The main features are:
- Scraper for Google Flight results
- Data cleaner and formatter to dataframe
Currently developing (also see future implementations):
- ML technique for forecasting/clustering/predicting
- Data collection and storage (SQL database)
- Automation of script run to collect and store data automatically on a daily basis
I've always loved traveling and exploring, especially in new countries with completely different cultures. I also really like data and its powerful usage.
That is why I came up with the idea of combining two of my passions into this one personal project, with the aim of showcasing my data-related skills, but also saving a great part of my travel budget that I would otherwise spend buying suboptimal plane tickets :)

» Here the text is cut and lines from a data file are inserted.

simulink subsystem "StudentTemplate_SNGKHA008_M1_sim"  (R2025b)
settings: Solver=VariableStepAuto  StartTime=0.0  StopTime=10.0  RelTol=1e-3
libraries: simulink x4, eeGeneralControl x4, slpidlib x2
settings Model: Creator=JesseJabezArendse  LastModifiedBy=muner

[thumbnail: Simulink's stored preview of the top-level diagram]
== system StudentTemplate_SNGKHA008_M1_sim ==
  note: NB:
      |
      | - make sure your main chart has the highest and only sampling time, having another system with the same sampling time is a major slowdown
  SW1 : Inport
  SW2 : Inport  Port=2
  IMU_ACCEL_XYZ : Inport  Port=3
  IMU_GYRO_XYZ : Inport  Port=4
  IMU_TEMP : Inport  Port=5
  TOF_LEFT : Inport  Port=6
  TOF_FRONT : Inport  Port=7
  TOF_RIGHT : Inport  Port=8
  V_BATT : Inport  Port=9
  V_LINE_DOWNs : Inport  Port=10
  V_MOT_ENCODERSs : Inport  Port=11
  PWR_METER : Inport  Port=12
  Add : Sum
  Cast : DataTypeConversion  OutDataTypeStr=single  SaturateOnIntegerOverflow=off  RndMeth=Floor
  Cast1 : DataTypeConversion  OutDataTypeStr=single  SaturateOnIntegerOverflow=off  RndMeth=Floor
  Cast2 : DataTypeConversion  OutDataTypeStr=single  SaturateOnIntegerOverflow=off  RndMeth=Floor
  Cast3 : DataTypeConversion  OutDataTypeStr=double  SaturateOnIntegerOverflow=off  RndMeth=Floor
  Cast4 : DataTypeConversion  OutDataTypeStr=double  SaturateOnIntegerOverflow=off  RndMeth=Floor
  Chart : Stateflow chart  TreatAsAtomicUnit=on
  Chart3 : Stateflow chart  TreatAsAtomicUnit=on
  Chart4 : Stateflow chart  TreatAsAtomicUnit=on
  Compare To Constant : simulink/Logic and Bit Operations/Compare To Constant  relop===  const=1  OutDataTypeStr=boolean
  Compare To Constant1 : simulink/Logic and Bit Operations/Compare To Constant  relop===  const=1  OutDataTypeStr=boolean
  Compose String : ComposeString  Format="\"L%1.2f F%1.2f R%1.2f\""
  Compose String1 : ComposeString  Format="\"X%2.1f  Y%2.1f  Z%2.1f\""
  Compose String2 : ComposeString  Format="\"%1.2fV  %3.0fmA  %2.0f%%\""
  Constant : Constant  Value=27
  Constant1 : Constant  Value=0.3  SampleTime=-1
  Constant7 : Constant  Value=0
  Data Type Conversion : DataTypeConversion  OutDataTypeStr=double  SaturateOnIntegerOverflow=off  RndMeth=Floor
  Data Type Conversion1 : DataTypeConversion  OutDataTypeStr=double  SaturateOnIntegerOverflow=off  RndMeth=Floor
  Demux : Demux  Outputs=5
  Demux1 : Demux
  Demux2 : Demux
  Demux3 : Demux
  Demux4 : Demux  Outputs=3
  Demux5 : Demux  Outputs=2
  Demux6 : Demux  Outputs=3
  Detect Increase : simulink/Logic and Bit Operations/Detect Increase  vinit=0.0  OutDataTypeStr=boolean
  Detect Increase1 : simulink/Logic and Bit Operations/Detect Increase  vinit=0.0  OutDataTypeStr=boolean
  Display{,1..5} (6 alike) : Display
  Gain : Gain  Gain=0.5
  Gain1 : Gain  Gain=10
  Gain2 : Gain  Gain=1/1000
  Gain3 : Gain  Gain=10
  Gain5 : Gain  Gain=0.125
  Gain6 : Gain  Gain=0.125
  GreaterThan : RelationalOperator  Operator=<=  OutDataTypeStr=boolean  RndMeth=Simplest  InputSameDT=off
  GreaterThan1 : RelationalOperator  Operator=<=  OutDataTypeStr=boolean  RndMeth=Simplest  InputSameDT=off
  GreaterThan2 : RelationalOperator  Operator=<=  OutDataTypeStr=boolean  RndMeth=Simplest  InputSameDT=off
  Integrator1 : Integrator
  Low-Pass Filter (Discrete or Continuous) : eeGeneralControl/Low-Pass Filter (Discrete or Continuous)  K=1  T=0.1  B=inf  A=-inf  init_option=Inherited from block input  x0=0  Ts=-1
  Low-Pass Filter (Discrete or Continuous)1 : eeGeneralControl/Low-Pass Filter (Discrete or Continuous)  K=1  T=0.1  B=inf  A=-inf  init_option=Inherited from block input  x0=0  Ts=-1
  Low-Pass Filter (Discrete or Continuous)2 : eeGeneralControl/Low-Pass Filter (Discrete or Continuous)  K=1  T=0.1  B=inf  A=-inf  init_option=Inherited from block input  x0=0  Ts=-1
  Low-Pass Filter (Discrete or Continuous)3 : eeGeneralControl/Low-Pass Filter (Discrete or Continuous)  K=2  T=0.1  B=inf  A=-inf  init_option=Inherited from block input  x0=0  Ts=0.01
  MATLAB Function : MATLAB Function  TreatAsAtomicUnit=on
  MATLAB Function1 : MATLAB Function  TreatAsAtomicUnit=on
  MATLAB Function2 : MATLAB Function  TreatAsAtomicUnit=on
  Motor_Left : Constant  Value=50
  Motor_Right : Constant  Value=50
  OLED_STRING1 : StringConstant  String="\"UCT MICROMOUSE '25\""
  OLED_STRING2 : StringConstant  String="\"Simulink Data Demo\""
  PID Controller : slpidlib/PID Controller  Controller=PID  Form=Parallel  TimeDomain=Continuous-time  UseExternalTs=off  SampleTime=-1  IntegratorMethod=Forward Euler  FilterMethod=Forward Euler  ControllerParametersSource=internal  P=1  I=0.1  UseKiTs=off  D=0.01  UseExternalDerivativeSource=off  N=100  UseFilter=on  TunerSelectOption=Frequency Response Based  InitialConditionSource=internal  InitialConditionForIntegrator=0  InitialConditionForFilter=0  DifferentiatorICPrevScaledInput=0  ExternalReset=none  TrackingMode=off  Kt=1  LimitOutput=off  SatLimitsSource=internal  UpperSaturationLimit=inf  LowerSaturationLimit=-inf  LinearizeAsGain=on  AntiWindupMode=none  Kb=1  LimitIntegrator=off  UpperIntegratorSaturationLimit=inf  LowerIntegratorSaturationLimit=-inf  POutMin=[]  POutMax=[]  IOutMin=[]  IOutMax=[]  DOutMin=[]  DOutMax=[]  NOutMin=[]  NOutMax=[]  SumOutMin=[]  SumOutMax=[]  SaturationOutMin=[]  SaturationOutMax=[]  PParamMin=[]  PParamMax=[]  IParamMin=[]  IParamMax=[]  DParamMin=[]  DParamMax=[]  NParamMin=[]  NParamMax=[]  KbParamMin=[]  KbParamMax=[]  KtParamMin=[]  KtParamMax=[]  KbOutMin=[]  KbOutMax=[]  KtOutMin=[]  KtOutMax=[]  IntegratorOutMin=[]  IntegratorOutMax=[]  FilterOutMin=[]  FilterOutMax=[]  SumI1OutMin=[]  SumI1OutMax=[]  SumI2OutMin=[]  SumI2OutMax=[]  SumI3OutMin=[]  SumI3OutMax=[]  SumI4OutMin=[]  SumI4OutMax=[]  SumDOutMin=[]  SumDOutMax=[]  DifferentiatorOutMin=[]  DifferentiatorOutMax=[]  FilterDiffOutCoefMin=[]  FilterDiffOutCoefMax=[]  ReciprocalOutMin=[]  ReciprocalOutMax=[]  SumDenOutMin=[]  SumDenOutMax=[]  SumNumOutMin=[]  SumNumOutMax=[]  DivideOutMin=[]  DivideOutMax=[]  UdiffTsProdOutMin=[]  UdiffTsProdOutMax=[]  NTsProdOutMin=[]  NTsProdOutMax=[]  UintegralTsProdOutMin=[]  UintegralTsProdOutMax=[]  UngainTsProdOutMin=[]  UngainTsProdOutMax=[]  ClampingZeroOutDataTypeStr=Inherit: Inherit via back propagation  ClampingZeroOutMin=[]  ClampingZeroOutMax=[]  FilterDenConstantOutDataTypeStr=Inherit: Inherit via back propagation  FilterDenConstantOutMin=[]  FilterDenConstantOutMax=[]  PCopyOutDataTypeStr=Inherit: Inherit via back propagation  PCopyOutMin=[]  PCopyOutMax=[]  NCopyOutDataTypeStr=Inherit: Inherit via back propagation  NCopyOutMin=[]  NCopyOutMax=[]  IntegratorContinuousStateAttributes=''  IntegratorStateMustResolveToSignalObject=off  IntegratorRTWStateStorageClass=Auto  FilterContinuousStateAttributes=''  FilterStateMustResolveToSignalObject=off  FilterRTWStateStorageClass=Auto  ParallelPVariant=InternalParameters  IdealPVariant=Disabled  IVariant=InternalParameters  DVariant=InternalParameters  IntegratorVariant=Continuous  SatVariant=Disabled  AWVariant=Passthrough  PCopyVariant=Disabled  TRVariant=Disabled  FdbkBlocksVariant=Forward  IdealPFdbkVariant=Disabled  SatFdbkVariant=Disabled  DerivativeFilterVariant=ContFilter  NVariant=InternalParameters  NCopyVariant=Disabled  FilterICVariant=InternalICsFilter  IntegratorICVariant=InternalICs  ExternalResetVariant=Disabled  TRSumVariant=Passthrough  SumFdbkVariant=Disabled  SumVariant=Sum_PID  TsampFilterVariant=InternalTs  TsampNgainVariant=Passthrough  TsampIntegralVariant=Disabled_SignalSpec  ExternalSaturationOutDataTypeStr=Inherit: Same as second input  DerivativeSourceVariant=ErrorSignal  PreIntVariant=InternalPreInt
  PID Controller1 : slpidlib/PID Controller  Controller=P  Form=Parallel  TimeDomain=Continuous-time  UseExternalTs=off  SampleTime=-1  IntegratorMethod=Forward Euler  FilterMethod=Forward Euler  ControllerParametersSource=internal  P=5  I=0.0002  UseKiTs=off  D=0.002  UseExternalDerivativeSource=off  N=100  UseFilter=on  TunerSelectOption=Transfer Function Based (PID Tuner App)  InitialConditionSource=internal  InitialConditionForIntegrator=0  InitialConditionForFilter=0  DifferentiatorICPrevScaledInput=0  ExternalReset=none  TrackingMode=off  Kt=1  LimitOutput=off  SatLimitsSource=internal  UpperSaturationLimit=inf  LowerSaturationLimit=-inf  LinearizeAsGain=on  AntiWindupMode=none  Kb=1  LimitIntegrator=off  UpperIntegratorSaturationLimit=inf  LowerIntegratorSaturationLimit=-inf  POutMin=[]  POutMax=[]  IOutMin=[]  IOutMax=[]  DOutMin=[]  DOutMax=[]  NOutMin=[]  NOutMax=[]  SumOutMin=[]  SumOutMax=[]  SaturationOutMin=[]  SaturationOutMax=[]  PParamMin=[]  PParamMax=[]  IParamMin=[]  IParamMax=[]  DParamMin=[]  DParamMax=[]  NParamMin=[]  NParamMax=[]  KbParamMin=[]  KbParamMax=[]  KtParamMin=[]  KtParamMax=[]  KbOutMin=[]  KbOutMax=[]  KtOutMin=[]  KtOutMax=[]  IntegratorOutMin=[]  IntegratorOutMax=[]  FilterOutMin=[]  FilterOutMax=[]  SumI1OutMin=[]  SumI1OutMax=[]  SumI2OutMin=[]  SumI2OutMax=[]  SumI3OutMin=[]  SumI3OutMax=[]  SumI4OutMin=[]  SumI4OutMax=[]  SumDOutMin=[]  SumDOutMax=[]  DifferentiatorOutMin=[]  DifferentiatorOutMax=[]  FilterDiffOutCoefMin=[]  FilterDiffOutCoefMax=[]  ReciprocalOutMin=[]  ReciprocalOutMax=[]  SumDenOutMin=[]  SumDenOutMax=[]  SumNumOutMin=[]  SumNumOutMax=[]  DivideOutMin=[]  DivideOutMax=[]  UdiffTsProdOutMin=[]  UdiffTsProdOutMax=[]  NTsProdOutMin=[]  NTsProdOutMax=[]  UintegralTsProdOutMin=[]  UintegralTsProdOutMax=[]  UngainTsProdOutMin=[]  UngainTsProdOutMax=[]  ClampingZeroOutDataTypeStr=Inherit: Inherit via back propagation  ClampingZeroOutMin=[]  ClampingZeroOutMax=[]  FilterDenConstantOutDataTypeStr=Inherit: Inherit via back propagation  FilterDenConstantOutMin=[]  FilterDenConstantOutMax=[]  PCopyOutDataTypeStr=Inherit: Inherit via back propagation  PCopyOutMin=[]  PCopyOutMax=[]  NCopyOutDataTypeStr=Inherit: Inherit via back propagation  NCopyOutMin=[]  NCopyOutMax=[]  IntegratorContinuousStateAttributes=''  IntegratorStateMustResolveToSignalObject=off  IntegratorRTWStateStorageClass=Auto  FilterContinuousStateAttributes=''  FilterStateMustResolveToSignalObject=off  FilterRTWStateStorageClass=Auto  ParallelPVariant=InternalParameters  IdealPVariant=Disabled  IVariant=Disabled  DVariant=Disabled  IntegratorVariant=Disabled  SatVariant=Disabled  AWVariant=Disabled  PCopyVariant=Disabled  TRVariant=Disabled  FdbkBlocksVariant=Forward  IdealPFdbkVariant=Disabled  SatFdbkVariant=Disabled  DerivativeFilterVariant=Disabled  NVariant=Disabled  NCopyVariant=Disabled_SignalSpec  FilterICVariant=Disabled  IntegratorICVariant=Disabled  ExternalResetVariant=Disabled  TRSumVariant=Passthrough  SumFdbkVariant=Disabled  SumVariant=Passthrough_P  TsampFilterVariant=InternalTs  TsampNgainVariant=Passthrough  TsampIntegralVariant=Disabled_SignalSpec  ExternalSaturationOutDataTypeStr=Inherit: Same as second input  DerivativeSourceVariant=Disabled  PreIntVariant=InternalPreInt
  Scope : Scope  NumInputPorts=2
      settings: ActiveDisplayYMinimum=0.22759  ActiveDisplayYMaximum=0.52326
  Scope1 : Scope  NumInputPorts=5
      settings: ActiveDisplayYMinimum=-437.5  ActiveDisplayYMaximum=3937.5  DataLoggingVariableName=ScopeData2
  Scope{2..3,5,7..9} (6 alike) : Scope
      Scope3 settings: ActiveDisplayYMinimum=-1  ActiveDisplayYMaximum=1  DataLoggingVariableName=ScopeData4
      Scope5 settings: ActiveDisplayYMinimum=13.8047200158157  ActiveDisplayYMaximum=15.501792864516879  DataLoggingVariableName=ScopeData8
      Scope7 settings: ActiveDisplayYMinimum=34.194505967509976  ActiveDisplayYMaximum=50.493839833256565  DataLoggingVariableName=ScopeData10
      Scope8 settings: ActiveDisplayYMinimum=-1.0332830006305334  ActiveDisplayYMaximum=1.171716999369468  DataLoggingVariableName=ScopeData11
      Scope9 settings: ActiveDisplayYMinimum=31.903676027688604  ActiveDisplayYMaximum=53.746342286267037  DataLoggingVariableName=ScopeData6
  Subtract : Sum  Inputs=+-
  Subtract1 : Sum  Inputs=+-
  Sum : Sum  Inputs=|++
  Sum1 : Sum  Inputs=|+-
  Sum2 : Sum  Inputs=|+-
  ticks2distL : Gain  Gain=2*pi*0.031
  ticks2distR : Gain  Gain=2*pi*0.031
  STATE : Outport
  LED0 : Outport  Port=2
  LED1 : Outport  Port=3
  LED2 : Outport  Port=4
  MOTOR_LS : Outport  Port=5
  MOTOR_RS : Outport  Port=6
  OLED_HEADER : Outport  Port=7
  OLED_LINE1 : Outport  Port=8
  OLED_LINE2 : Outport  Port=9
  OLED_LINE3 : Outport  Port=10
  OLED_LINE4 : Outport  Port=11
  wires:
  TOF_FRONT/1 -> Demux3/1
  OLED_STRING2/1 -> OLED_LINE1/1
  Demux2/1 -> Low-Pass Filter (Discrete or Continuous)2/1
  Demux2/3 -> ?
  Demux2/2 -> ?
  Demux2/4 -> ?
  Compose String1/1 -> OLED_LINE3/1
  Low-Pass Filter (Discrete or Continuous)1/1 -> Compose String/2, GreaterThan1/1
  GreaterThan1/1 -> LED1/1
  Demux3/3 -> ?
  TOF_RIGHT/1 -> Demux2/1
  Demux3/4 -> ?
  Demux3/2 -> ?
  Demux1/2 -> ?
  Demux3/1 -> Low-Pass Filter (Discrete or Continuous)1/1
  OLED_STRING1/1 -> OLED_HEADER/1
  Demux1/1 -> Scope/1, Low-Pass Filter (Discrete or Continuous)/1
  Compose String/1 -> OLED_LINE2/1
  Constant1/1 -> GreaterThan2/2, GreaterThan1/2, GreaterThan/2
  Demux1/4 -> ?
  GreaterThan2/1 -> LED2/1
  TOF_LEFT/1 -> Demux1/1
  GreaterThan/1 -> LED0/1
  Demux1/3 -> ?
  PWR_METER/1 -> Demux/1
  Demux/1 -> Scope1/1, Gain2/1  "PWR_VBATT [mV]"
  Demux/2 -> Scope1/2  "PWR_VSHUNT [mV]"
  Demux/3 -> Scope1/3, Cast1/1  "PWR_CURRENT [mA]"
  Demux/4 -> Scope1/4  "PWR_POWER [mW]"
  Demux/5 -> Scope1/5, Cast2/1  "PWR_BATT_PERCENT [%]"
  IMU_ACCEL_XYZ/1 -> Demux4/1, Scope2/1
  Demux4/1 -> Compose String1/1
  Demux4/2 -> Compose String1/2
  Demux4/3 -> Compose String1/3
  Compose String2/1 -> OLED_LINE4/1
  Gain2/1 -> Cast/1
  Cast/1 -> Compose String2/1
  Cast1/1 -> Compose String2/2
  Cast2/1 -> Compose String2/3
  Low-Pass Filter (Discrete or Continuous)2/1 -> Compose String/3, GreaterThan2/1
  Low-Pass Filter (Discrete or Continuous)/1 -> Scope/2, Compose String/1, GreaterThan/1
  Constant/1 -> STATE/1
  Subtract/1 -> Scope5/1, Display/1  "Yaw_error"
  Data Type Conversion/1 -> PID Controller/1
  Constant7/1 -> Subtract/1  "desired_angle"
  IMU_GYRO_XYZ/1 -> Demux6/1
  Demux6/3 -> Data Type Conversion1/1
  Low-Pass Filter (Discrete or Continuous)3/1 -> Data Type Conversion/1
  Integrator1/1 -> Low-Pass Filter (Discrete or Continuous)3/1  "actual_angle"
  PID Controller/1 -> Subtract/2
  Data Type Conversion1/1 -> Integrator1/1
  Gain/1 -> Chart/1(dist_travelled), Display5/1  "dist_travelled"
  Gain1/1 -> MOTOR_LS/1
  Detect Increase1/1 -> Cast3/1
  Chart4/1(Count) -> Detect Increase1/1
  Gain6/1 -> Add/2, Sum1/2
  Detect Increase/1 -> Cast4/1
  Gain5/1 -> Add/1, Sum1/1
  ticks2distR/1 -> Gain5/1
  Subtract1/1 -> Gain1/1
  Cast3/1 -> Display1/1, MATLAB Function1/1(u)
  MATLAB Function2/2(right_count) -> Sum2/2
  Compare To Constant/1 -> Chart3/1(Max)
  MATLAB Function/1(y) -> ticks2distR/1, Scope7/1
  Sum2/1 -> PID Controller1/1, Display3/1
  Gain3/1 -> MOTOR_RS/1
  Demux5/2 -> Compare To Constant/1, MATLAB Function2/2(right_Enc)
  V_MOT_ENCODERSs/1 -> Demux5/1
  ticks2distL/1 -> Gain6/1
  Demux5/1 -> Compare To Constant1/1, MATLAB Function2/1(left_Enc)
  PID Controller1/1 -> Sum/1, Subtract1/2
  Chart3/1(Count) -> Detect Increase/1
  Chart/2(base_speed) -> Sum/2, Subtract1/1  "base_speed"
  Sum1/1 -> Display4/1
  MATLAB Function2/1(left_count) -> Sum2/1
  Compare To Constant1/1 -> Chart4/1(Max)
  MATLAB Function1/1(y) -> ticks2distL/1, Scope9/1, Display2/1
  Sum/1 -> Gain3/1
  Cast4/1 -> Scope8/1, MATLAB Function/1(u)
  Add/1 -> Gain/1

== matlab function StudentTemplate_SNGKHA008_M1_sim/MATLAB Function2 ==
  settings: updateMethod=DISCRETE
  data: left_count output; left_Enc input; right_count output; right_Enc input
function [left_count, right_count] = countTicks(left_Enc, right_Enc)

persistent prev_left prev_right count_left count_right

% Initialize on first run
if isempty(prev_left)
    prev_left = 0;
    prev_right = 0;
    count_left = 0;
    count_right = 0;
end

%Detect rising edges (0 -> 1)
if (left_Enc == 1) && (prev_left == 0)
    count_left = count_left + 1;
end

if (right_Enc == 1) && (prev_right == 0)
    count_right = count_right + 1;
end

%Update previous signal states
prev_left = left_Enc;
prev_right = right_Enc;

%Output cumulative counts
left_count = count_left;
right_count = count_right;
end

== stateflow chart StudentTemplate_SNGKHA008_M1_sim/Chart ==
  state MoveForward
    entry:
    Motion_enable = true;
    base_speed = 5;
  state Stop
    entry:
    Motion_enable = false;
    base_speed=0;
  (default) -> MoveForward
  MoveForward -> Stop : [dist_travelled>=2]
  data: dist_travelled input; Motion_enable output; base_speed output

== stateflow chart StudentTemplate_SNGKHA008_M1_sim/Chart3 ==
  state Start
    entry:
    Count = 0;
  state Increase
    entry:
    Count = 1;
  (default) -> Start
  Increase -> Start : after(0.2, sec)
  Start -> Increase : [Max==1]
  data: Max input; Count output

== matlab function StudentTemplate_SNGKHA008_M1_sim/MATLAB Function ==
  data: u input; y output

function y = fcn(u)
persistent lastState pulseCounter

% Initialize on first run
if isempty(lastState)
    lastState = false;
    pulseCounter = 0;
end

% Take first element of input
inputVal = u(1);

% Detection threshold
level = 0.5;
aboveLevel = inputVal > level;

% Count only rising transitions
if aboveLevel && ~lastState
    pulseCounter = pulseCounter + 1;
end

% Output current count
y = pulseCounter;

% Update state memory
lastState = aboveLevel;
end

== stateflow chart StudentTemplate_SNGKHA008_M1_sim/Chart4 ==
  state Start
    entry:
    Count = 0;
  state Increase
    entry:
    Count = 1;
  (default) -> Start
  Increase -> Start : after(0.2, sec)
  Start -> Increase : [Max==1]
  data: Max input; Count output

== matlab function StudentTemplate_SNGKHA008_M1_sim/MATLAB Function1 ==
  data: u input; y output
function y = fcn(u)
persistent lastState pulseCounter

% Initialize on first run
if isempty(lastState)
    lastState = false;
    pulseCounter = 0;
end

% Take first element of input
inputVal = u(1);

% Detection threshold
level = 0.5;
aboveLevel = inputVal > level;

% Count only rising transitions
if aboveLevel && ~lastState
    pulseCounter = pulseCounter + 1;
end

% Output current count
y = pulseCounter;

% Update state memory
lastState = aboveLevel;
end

The goal of the script is to be as easy as possible to use. The whole project is written has been created with Python 3.11 and is based on the following libraries only:
- pandas
- numpy
- matplotlib
- selenium
- tqdm
- pytest
A very simple example of the main scraping functionality could be the following (get all flight from Munich (MUC) to Los Angeles (LAX) on May 28th, 2023):
from google_flight_analysis.scrape import *
flights = Scrape("MUC", "LAX", "2023-05-28")
flights.data
The code above would produce the following output:
Departure datetime | Arrival datetime | Airline(s) | Travel Time | Origin | Destination | Num Stops | Layover | Stops Location | Price (€) | Price Trend | Price Value | Access Date | Flight Type | Days in Advance | |
---|---|---|---|---|---|---|---|---|---|---|---|---|---|---|---|
0 | 2023-05-28 08:00 | 2023-05-28 15:00 | Lufthansa, Condor | 16:00 | MUC | LAX | 1 | 02:25 | FRA | 705 | high | 180 | 2023-05-23 | One Way | 4 |
1 | 2023-05-28 11:00 | 2023-05-28 20:05 | Lufthansa, LOT | 18:05 | MUC | LAX | 1 | 04:15 | WAW | 773 | high | 180 | 2023-05-23 | One Way | 4 |
2 | 2023-05-28 07:30 | 2023-05-28 16:00 | Iberia, American, Finnair | 17:30 | MUC | LAX | 1 | 02:20 | MAD | 804 | high | 180 | 2023-05-23 | One Way | 4 |
3 | 2023-05-28 14:00 | 2023-05-29 08:41 | Lufthansa, Norse Atlantic Airways, JetBlue | 27:41 | MUC | LAX | 2 | BER, JFK | BER, JFK | 696 | high | 180 | 2023-05-23 | One Way | 4 |
4 | 2023-05-28 09:55 | 2023-05-28 20:05 | LOT | 19:10 | MUC | LAX | 1 | 05:15 | WAW | 789 | high | 180 | 2023-05-23 | One Way | 4 |
5 | 2023-05-28 07:15 | 2023-05-28 13:10 | Air France, Delta | 14:55 | MUC | LAX | 1 | 01:40 | CDG | 987 | high | 180 | 2023-05-23 | One Way | 4 |
In March 2023 I planned to go to Mexico and Belize. I had 4 weeks at my disposal, and I was planning a trip of 3 weeks in total, therefore I had some room to play with for when to leave and when to return.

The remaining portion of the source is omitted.